Al parecer Caravaggio era capaz de darse fuego al brazo para luego poder pintar esas caras de sufrimiento y dolor. Algo parecido es lo que barrunta Horst. Dispuesto a forzar la realidad, a abismarse, cruzar la linde, sacrificarse o inmolar a cualquier otro, matar su dignidad, en definitiva a cambio de algo tan etéreo como la fama.
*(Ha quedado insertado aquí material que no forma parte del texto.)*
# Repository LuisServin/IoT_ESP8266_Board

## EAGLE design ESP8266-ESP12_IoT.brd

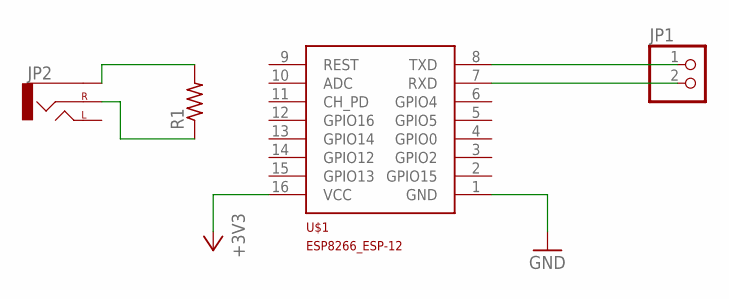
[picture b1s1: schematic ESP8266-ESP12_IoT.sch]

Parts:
JP1: PINHD-1X2/90; 1X02/90
JP2: AUDIO-JACKPTH; AUDIO-JACK
R1: R-US_R0805; R0805
U$1: ESP8266_ESP-12; ESP8266-ESP12

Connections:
+3V3: U$1.16 (VCC)
GND: U$1.1 (GND)
unnamed: JP1.1, U$1.8 (TXD)
unnamed: JP1.2, U$1.7 (RXD)
unnamed: JP2.SLEEVE, R1.2
unnamed: JP2.RING (RIGHT), R1.1

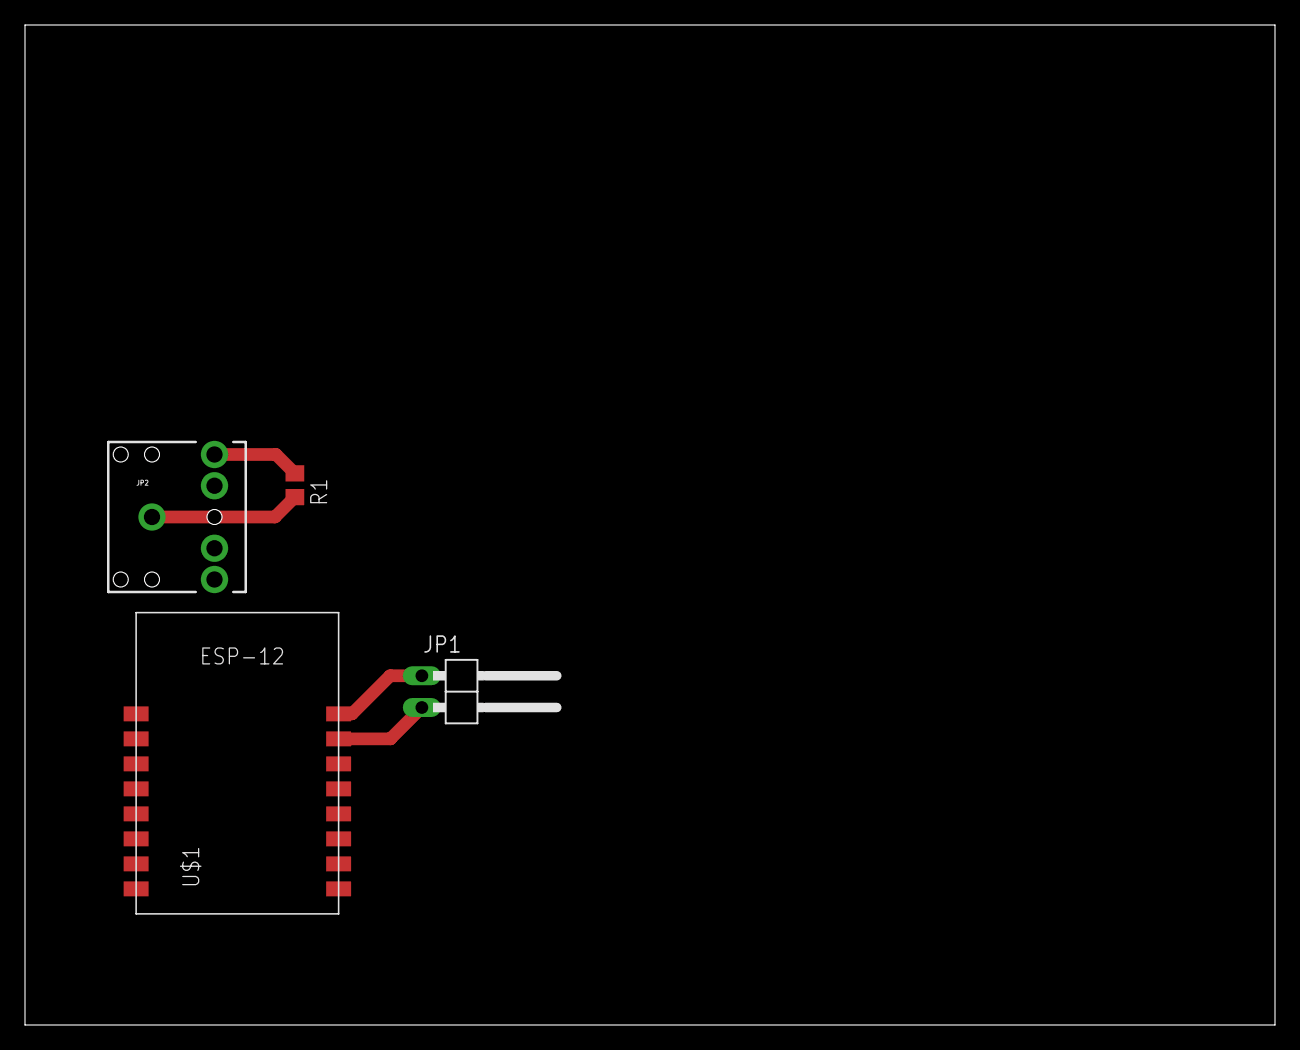
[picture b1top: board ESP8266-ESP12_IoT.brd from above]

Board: 2 copper layers, 100.0 x 80.0 mm, 4 parts (0 on the bottom side), 4 nets.

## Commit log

2015-08-30 Starting
    This is the beginning for the repository of my owm ESP8266 board

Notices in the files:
parts and their libraries:
SparkFun-Connectors: Licensing: Creative Commons ShareAlike 4.0 International - https://creativecommons.org/licenses/by-sa/4.0

La soledad en la que se enseñorea Horst, permite a la narración transitar la fina línea que separa el sueño de la vigilia, la realidad de la irrealidad, las voces reales de las figuradas, los recuerdos de la invención. Con estos mimbres, el autor se adentra en un terreno podemos pensar que terrorífico, poco firme, pues las tablas sobre las que camina son víctima hace tiempo de las termitas. Hay destellos interesantes como ese momento de voluptuosidad y sensualidad entre Horst y Eva, su cuñada, cuyo nombre ya nos evoca un paraíso perdido, irrecuperable, secundado por la perdida de la inocencia convertido en un Judas de sí mismo. O momentos discursivos acerca de los dioses y los sueños que no carecen tampoco de interés, pero la narración asemeja más a un animal desangrándose, esperando que le llegue la hora. Ese final, del éxito al éxitus, es la consecuencia lógica cuando no hay salvación ni consuelo posible.